Но Макс был прав: какой бы уродливой ни казалась картина, ее писали с глубокой, благоговейной любовью. Я могла представить полотно с еще не высохшей краской – таким, каким его видел Макс много лет назад, рыдая в той пекарне.
В ночь, когда я позволила себе отдаться своим чувствам к Максу, он сидел со мной на залитых лунным светом треллианских равнинах и рассказывал о выставке картин в маленькой пекарне. О том, как увидел полотна в самый темный период своей жизни и они напомнили ему, что, какой бы ужасный момент ты ни переживал, кто-то где-то сейчас счастлив. Они напомнили ему о существовании надежды. Сейчас, в другой темный период, я тоже чувствовала надежду.

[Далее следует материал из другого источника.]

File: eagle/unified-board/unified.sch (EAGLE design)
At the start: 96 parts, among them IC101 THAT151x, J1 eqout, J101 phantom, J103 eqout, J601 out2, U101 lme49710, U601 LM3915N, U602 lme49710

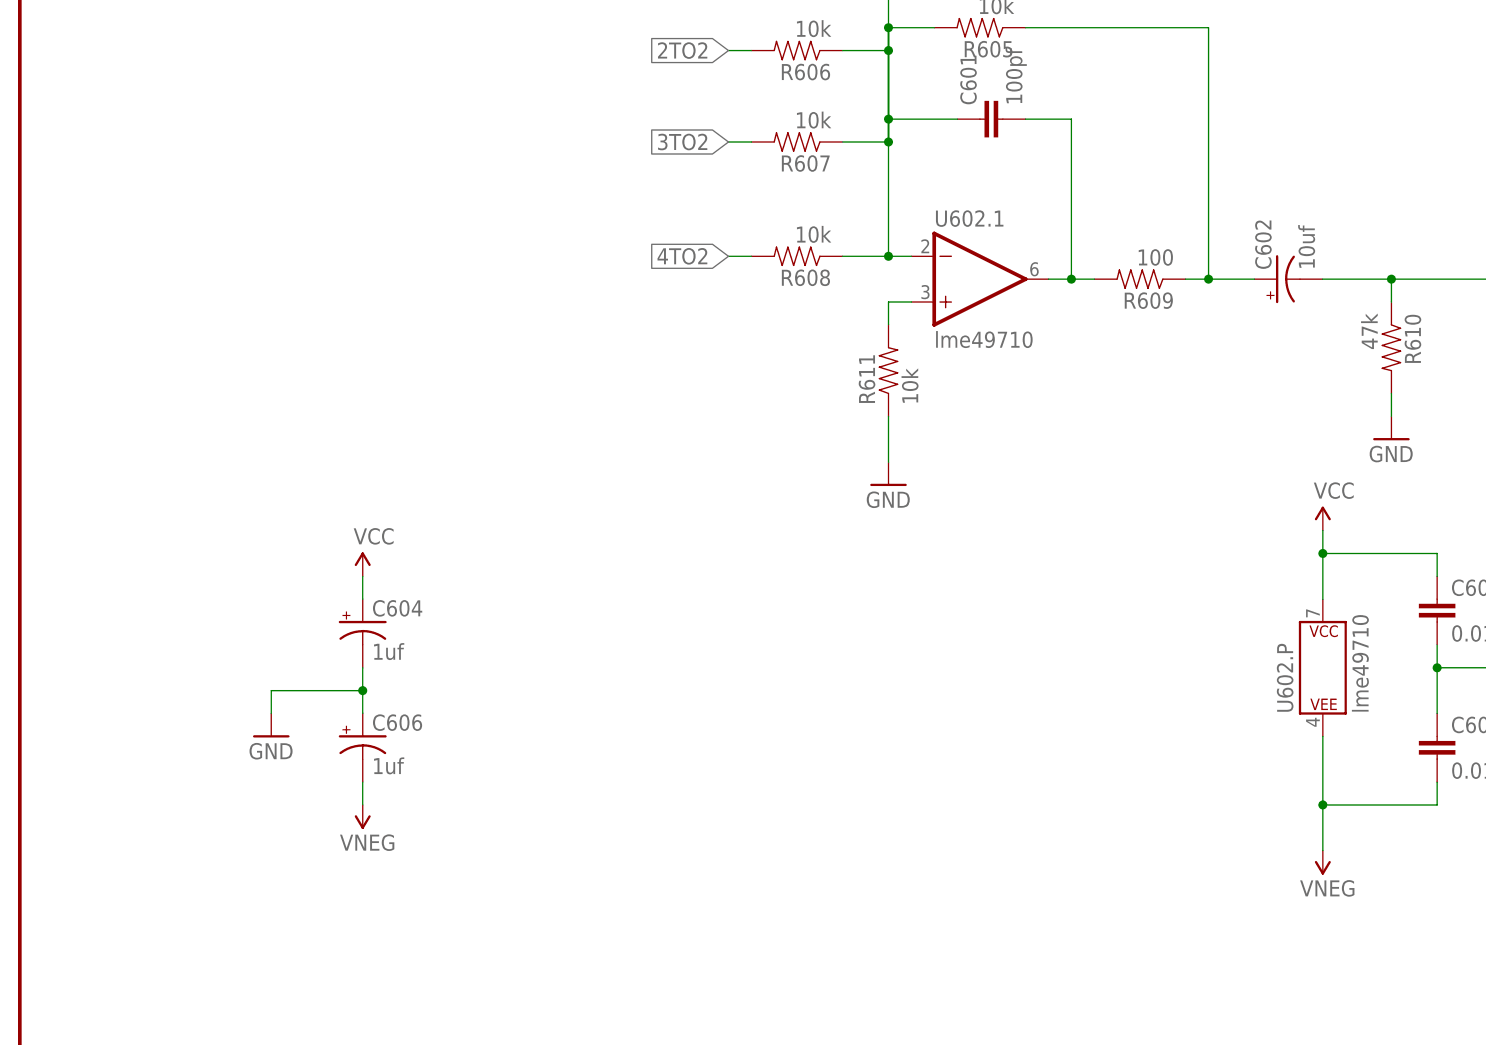
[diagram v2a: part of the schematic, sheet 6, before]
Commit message: Capacitor update
sourced & created a bunch of caps.
pushed components around more & better.
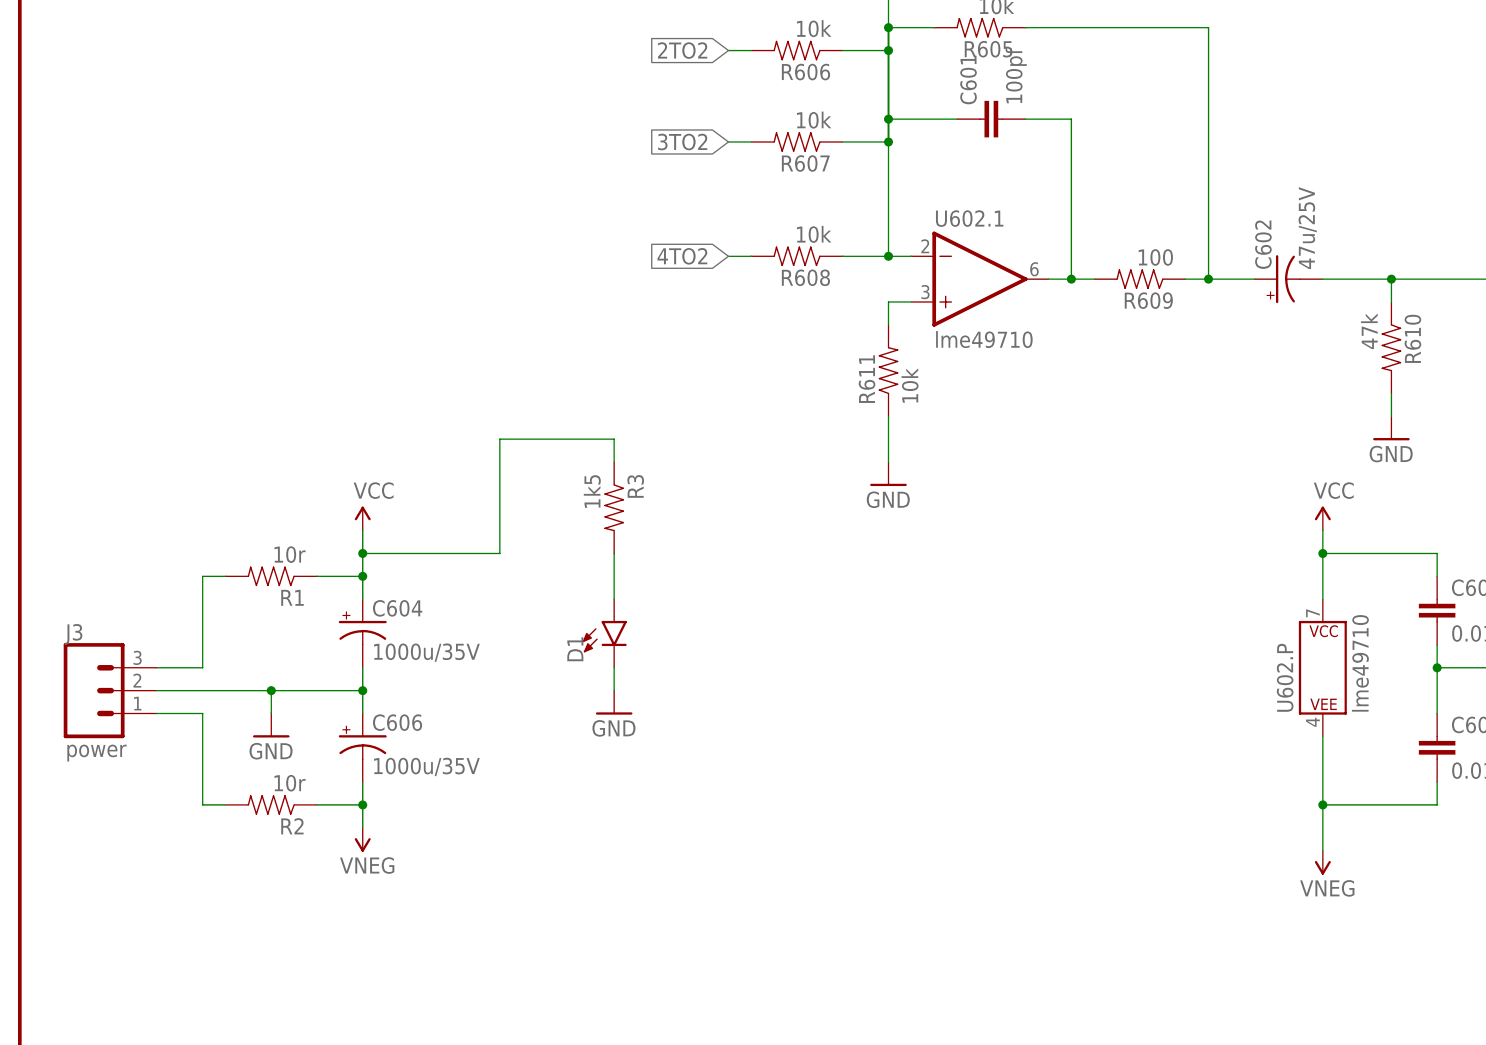
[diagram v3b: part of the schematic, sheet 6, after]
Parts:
- added D1: (no value), SparkFun-LED:LED5MM
- added J3: power, SparkFun-Connectors:CONN_03POLAR_LOCK
- added R1, R2: 10r, SparkFun-Resistors:RESISTORAXIAL-0.3
- added R3: 1k5, SparkFun-Resistors:RESISTORAXIAL-0.3
- C105, C114: value 22u -> 47u/63V; device SparkFun-Capacitors:100UF-25V-20%(PTH) -> mixer:CAP-LYTIC47U/63V
- C106, C107, C112, C116, C119, C121: value 470p -> 470pf; device SparkFun-Capacitors:CAPPTH -> mixer:CAP-CERAMIC470PF
- C108, C120: value 47p -> 47pf; device SparkFun-Capacitors:CAPPTH -> mixer:CAP-CERAMIC47PF
- C109, C117, C118, C122: value 22u -> 47u/25V; device SparkFun-Capacitors:100UF-25V-20%(PTH) -> mixer:CAP-LYTIC47U/25V
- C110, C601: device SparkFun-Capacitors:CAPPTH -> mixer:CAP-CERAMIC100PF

Я смогла найти всего одну небольшую картину, да и то только холст, без рамы, в которую он когда-то был вставлен. Теперь на холсте появились повреждения, одна сторона обгорела при взрыве. И все же Макс держал подарок бережно, как вещь огромной ценности.
Я села рядом, наши плечи соприкасались.
– Той ночью в домике, когда мы… до того, как нам прислали руки. Ты спросил меня, представляла ли я себе когда-нибудь наше совместное будущее. Тогда я… я не смогла тебе ответить. Но каждую секунду, пока ты был заперт в той ужасной тюрьме, я думала о той ночи и о том, чего не сказала. Я ни о чем не жалела так сильно, как о своем молчании тогда.
– Тисаана, я никогда не думал…
Я взяла его за руку и крепко сжала:
– Правда, в которой я не смогла тебе признаться тогда, заключается в том, что я хочу этого больше всего на свете. Это было правдой тогда, когда ты спросил меня, правда и сейчас. И завтра будет правдой.
Макс смотрел на меня так, словно в мире больше ничего не существовало. Несмотря на все, через что мы прошли вместе, несмотря на слабости, которые я позволила ему – и только ему – разглядеть во мне, мне пришлось побороть желание отвести взгляд. Ничто и никогда не ужасало меня так, как подобная уязвимость – подлинная уязвимость.
– Мой дом – с тобой, Макс. Раньше я не позволяла себе поверить в то, что у меня снова будет дом. Я не позволяла себе думать, что смогу сохранить его, если захочу. Но я поняла, что надежда на будущее – это и есть смелость. И я…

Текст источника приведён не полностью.